Tears threatened again as Zane nodded. “Yes. I’m sorry.”

Asa sighed, stroking his cheek with his thumb. “Don’t apologize, Lois. I’ll say it every day if that’s what you need from me. But you have to know by now I didn’t just ‘get stuck’ with you. I don’t secretly wish for a different life. I don’t secretly wish for a different person…or people, I guess. I wake up every fucking day smug because I have a life most people would kill for. And a big part of that—no, the biggest part of that—is you. Not Felix, not the boys…Hell, not even Avi. But you.”

He dipped his head, connecting their lips. Zane opened for him immediately, letting Asa consume him for a moment, soaking in the attention, the low simmer of heat pooling in his belly. It wasn’t going anywhere. They didn’t have the time or even the inclination. Zane was tired in his bones.

Maybe later—when the house was quiet, when Felix’s warmth pressed against his front, when exhaustion blurred the edges of everything—then Asa would use him. Carefully.Patiently. Like someone needing to prove something with more than words Zane refused to believe.

He was always so careful then, like he didn’t want to disturb him but couldn’t wait for a better time. Like he just had to be inside him right then. He wasn’t apologetic about it. While their public vows had been simple, Zane had promised Asa years ago that he could always take what he wanted, that even if he said no, Asa didn’t have to stop.

They had a safeword for a reason, but it was Asa who used it more often than Zane ever had. There was nothing he wouldn’t let Asa do to him. No lengths he wouldn’t go to please him. He’d push his body past its limits a thousand times over if it made him happy. He’d probably let Asa run him over with a car if he just asked in that tone, the one that left no room for argument, the one that made Zane feel safe and loved and protected.

Asa brushed a hand down Zane’s spine, grounding him again.

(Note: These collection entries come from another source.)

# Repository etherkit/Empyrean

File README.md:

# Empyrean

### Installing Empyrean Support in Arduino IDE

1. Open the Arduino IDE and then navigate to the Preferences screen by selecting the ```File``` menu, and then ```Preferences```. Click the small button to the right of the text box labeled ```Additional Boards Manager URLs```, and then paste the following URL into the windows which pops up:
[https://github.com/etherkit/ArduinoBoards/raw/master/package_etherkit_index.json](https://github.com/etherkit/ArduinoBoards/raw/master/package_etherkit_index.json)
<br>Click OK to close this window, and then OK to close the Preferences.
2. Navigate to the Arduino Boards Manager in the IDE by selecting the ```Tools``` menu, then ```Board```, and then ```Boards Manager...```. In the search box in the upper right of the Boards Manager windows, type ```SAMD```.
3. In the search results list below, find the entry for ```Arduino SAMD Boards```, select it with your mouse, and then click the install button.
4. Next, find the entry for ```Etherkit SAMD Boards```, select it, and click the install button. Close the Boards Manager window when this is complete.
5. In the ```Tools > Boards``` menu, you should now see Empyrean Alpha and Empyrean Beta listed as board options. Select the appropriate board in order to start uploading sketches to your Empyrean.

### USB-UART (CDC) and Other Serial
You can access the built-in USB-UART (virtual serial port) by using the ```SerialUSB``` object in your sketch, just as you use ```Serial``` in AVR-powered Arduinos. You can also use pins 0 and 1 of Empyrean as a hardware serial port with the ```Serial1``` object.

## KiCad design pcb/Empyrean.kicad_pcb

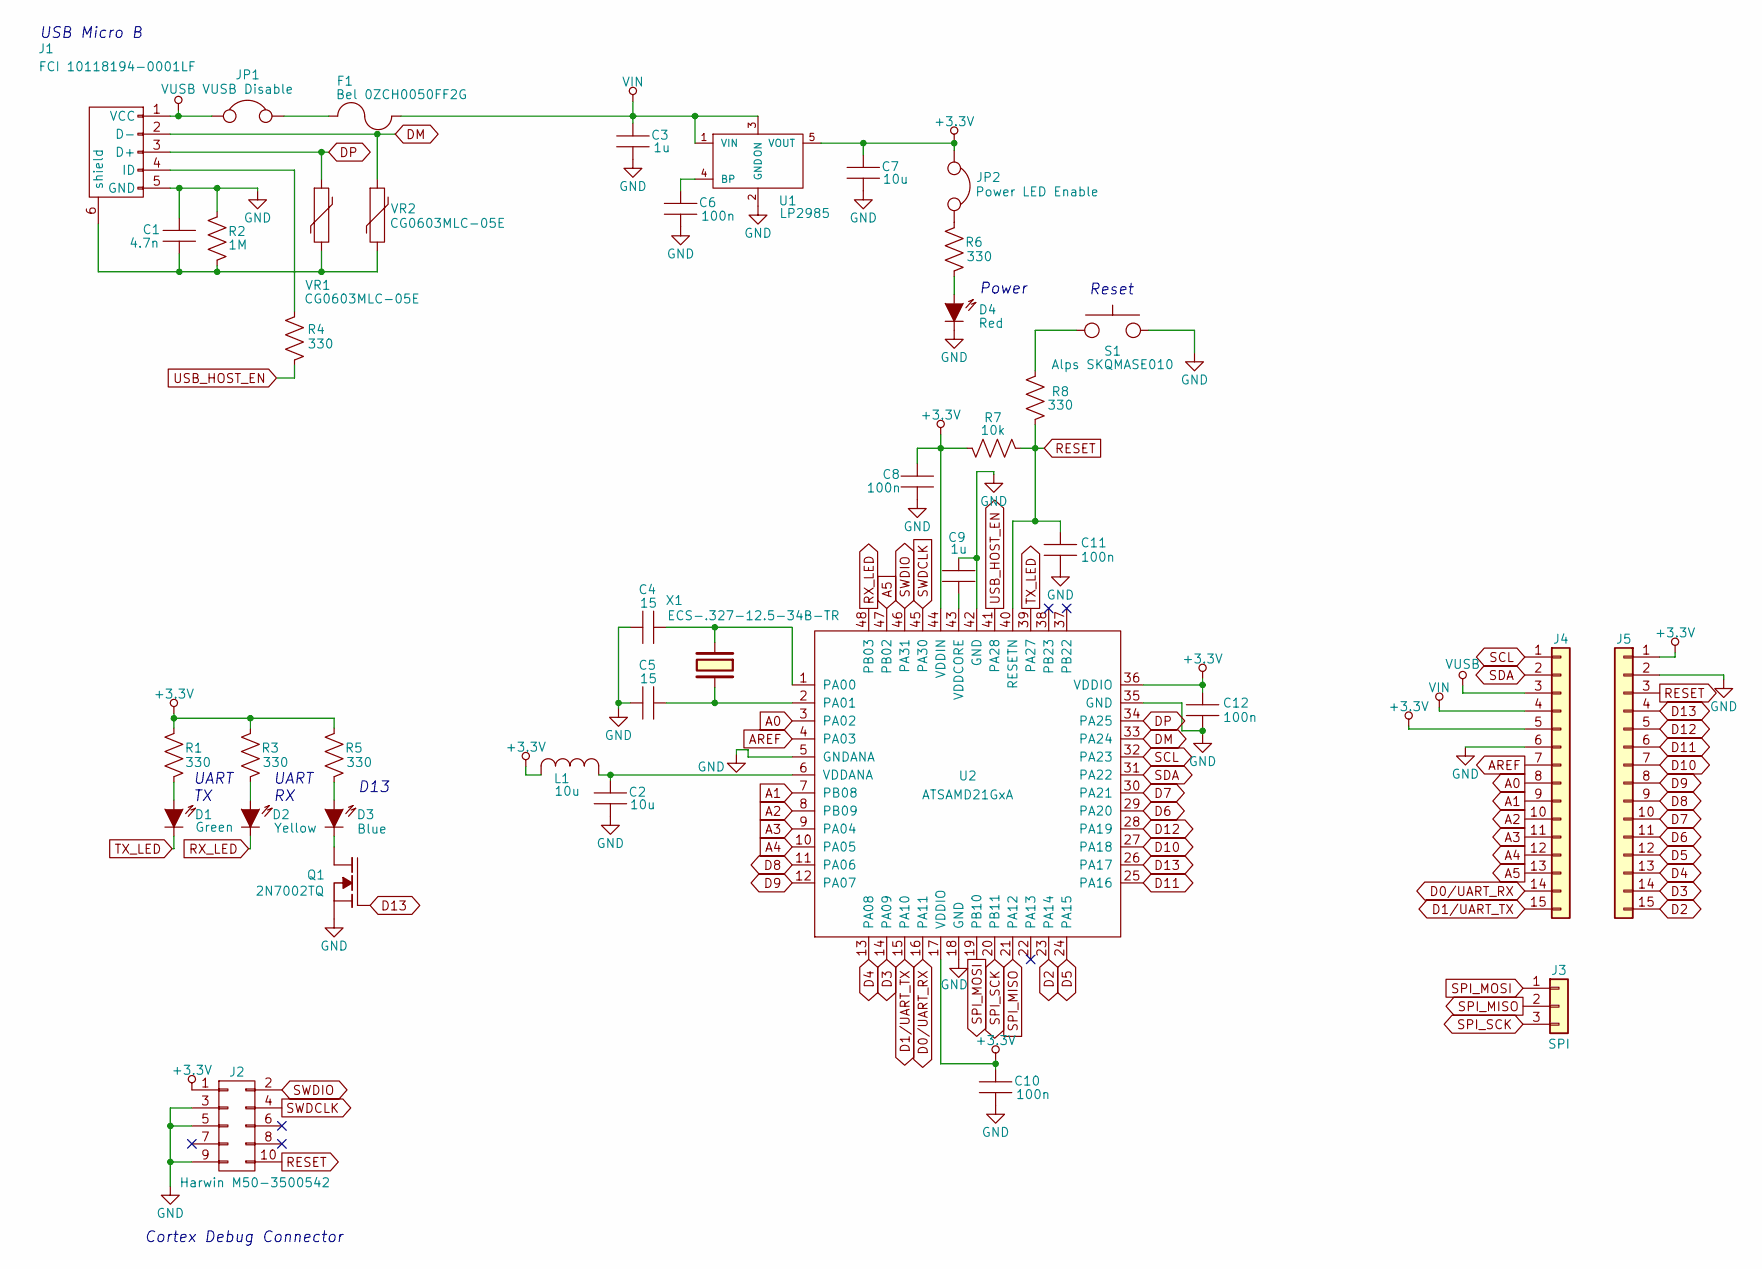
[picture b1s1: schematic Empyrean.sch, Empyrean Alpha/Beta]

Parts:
C1: 4.7n; C_0603; MPN CC0603KRX7R9BB472
C2, C7: 10u; C_0603; MPN CC0603MRX5R5BB106
C3, C9: 1u; C_0603; MPN CC0603KRX5R8BB105
C4, C5: 15; C_0603; MPN GCM1885C1H150JA16D
C6, C8, C10, C11, C12: 100n; C_0603; MPN CC0603KRX7R9BB104
D1: Green; Lite-On_LTST-C170; MPN LTST-C170KGKT
D2: Yellow; Lite-On_LTST-C170; MPN LTST-C170KSKT
D3: Blue; Lite-On_LTST-C170; MPN LTST-C170TBKT
D4: Red; Lite-On_LTST-C170; MPN LTST-C170KRKT
F1: Bel 0ZCH0050FF2G; R_1210; MPN 0ZCH0050FF2G
J1: FCI 10118194-0001LF; FCI_10118194-0001LF; MPN 10118194-0001LF
J2: Harwin M50-3500542; Harwin_M50-3500542
J3: SPI; Pin_Header_Straight_1x03_NoBorder
J4, J5: CONN_01X15; Pin_Header_Straight_1x15_NoBorder
JP1: VUSB Disable; SOLDER_JUMPER_NC
JP2: Power LED Enable; SOLDER_JUMPER_NC
L1: 10u; R_0603; MPN MLF1608E100JT000
Q1: 2N7002TQ; SOT523; MPN 2N7002TQ-7-F
R1, R3, R4, R5, R6, R8: 330; R_0603; MPN RC0603FR-07330RL
R2: 1M; R_0603; MPN RC0603FR-071ML
R7: 10k; R_0603; MPN RC0603JR-0710KL
S1: Alps SKQMASE010; Alps_SKQMASE010; MPN SKQMASE010
U1: LP2985; SOT23-5; MPN LP2985-33DBVR
U2: ATSAMD21GxA; TQFP-48_7x7mm_Pitch0.5mm; MPN ATSAMD21G18A-AUT
VR1, VR2: CG0603MLC-05E; R_0603; MPN CG0603MLC-05E
X1: ECS-.327-12.5-34B-TR; ECS_ECS-.327-12.5-34B-TR; MPN ECS-.327-12.534B-TR

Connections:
+3.3V: C7.1, C8.1, C10.1, C12.1, J2.1, J4.5, J5.1, JP2.1, L1.1, R1.1, R3.1, R5.1, R7.1, U1.5 (VOUT), U2.17 (VDDIO), U2.36 (VDDIO), U2.44 (VDDIN)
A0: J4.8, U2.3 (PA02)
A1: J4.9, U2.7 (PB08)
A2: J4.10, U2.8 (PB09)
A3: J4.11, U2.9 (PA04)
A4: J4.12, U2.10 (PA05)
A5: J4.13, U2.47 (PB02)
AREF: J4.7, U2.4 (PA03)
D0/UART_RX: J4.14, U2.16 (PA11)
D1/UART_TX: J4.15, U2.15 (PA10)
D2: J5.15, U2.23 (PA14)
D3: J5.14, U2.14 (PA09)
D4: J5.13, U2.13 (PA08)
D5: J5.12, U2.24 (PA15)
D6: J5.11, U2.29 (PA20)
D7: J5.10, U2.30 (PA21)
D8: J5.9, U2.11 (PA06)
D9: J5.8, U2.12 (PA07)
D10: J5.7, U2.27 (PA18)
D11: J5.6, U2.25 (PA16)
D12: J5.5, U2.28 (PA19)
D13: J5.4, Q1.2 (G), U2.26 (PA17)
DM: J1.2 (D-), U2.33 (PA24), VR2.1
DP: J1.3 (D+), U2.34 (PA25), VR1.1
GND: C1.1, C2.2, C3.2, C4.2, C5.2, C6.2, C7.2, C8.2, C9.1, C10.2, C11.2, C12.2, D4.2 (K), J1.5 (GND), J2.3, J2.5, J2.9, J4.6, J5.2, Q1.1 (S), R2.1, S1.2, U1.2 (GND), U2.5 (GNDANA), U2.18 (GND), U2.35 (GND), U2.42 (GND)
unnamed: C1.2, J1.6 (shield), R2.2, VR1.2, VR2.2
unnamed: C2.1, L1.2, U2.6 (VDDANA)
unnamed: C4.1, U2.1 (PA00), X1.1
unnamed: C5.1, U2.2 (PA01), X1.2
unnamed: C6.1, U1.4 (BP)
unnamed: C9.2, U2.43 (VDDCORE)
unnamed: D1.1 (A), R1.2
unnamed: D2.1 (A), R3.2
unnamed: D3.1 (A), R5.2
unnamed: D3.2 (K), Q1.3 (D)
unnamed: D4.1 (A), R6.2
unnamed: F1.1, JP1.2
unnamed: J1.4 (ID), R4.2
unnamed: JP2.2, R6.1
unnamed: R8.1, S1.1
RESET: C11.1, J2.10, J5.3, R7.2, R8.2, U2.40 (RESETN)
RX_LED: D2.2 (K), U2.48 (PB03)
SCL: J4.1, U2.32 (PA23)
SDA: J4.2, U2.31 (PA22)
SPI_MISO: J3.2, U2.21 (PA12)
SPI_MOSI: J3.1, U2.19 (PB10)
SPI_SCK: J3.3, U2.20 (PB11)
SWDCLK: J2.4, U2.45 (PA30)
SWDIO: J2.2, U2.46 (PA31)
TX_LED: D1.2 (K), U2.39 (PA27)
USB_HOST_EN: R4.1, U2.41 (PA28)
VIN: C3.1, F1.2, J4.4, U1.1 (VIN), U1.3 (ON)
VUSB: J1.1 (VCC), J4.3, JP1.1

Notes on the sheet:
Reset
Cortex Debug Connector
USB Micro B
Power
UART TX
UART RX
D13

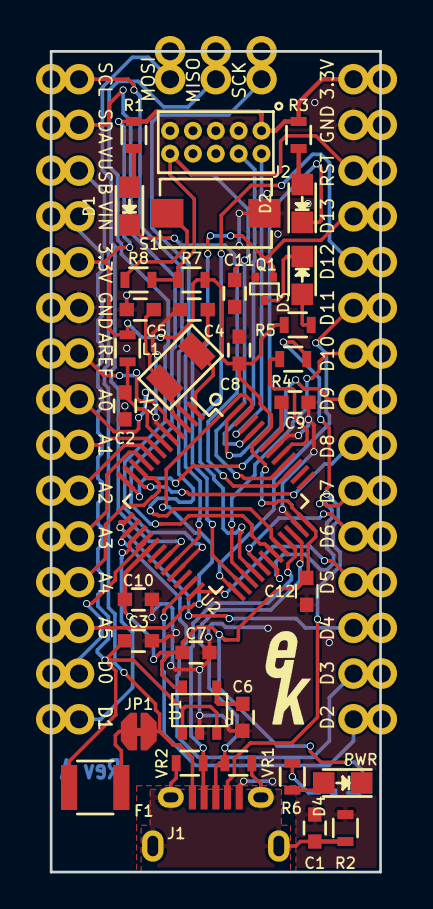
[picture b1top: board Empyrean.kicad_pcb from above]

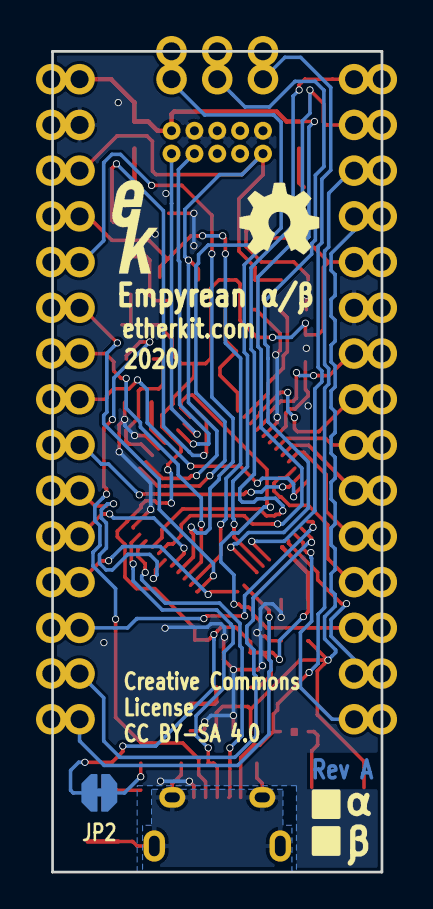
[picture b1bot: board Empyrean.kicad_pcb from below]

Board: 2 copper layers, 18.3 x 45.6 mm, 42 parts (2 on the bottom side), 53 nets.

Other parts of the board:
Ref**: Val**; EtherkitLogoSmall
Ref**#2: Val**; EtherkitLogoSmall

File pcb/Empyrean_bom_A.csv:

Component,Description,Part,References,Value,Footprint,Quantity Per PCB,Datasheet
1,,C,C6 C8 C10 C11 C12,100n,C_0603,5,
2,,C,C2 C7,10u,C_0603,2,
3,,C,C4 C5,15,C_0603,2,
4,,C,C3 C9,1u,C_0603,2,
5,,C,C1,4.7n,C_0603,1,
6,,LED,D3,Blue,Lite-On_LTST-C170,1,
7,,LED,D4,Green,Lite-On_LTST-C170,1,
8,,LED,D1,Red,Lite-On_LTST-C170,1,
9,,LED,D2,Yellow,Lite-On_LTST-C170,1,
10,,FUSE,F1,Bel 0ZCH0050FF2G,R_1210,1,
11,,CONN_01X15,J4 J5,CONN_01X15,Pin_Header_Straight_1x15_NoBorder,2,
12,,USB_OTG,J1,FCI 10118194-0001LF,FCI_10118194-0001LF,1,
13,,CONN_02X05,J2,Harwin M50-3500542,Harwin_M50-3500542,1,
14,,CONN_01X03,J3,SPI,Pin_Header_Straight_1x03_NoBorder,1,
15,,JUMPER,JP1,Power LED Enable,SOLDER_JUMPER,1,
16,,L,L1,10u,R_0603,1,
17,,MOS_N,Q1 Q4,DMG1012UW-7,SOT523,2,
18,,MOS_P,Q2 Q3,DMG1013T-7,SOT523,2,
19,,R,R5 R7 R8,100k,R_0603,3,
20,,R,R10,10k,R_0603,1,
21,,R,R2,1M,R_0603,1,
22,,R,R1 R3 R4 R6 R9 R11,330,R_0603,6,
23,,PUSHBUTTON,S1,Alps SKQMASE010,Alps_SKQMASE010,1,
24,,ATSAMD21G18A,U2,ATSAMD21GxA,TQFP-48_7x7mm_Pitch0.5mm,1,DOCUMENTATION
25,,LP2985,U1,LP2985,SOT23-5,1,
26,,VR,VR1 VR2,CG0603MLC-05E,R_0603,2,
27,,CRYSTAL,X1,ECS-.327-12.5-34B-TR,ECS_ECS-.327-12.5-34B-TR,1,





Component Groups:,27
Component Count:,45
Fitted Components:,45
Number of PCBs:,1
Total components:,45
Schematic Version:,A
Schematic Date:,2017-03-04
BoM Date:,Tue 18 Sep 2018 02:25:04 PM PDT
Schematic Source:,/home/jason/Nextcloud/Etherkit/git/Empyrean/pcb/Empyrean.sch
KiCad Version:,Eeschema 5.0.0-fee4fd1~66~ubuntu18.04.1

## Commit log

2017-03-05 Generate gerbers
2017-03-06 Export IDFv3 format
2018-03-01 Add basic board support instructions to README
2018-03-01 Fix README typo
2018-03-10 Add info about SerialUSB to README
2018-09-18 Add csv BOM
2018-11-28 Update schematic to Rev B
2019-09-17 Create LICENSE
2019-09-17 Updated PCB with castellation
2019-09-17 Add uf2 dependency
2020-06-07 Add Empyrean Quick Reference
2020-06-07 Fix alpha channel in quick ref
2020-07-22 Set proper rev on documentation
2020-07-22 Add FadeZero.ino example
2020-07-22 Add FadeEmpyrean.ino example

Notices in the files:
pcb/Empyrean.kicad_pcb:
Creative Commons CC-BY-SA
License
CC BY-SA 4.0
pcb/Empyrean.sch:
Creative Commons CC-BY_SA 4.0

The attic was quiet except for the sound of their breathing, the world outside a distant hum. For a moment, he wanted to stay like this forever.

Then his comm crackled in his ear, the sharp sound splintering the silence, loud enough to startle them both.

“Thomas is calling it,” Calliope’s voice came, low and wry but edged with something grim. “She doesn’t have much fight left in her. We’re ready for you in the shed.”

Asa exhaled through his nose, the sound more sigh than growl. “Copy that,” he said, voice steady even as his hand lingered at the back of Zane’s neck.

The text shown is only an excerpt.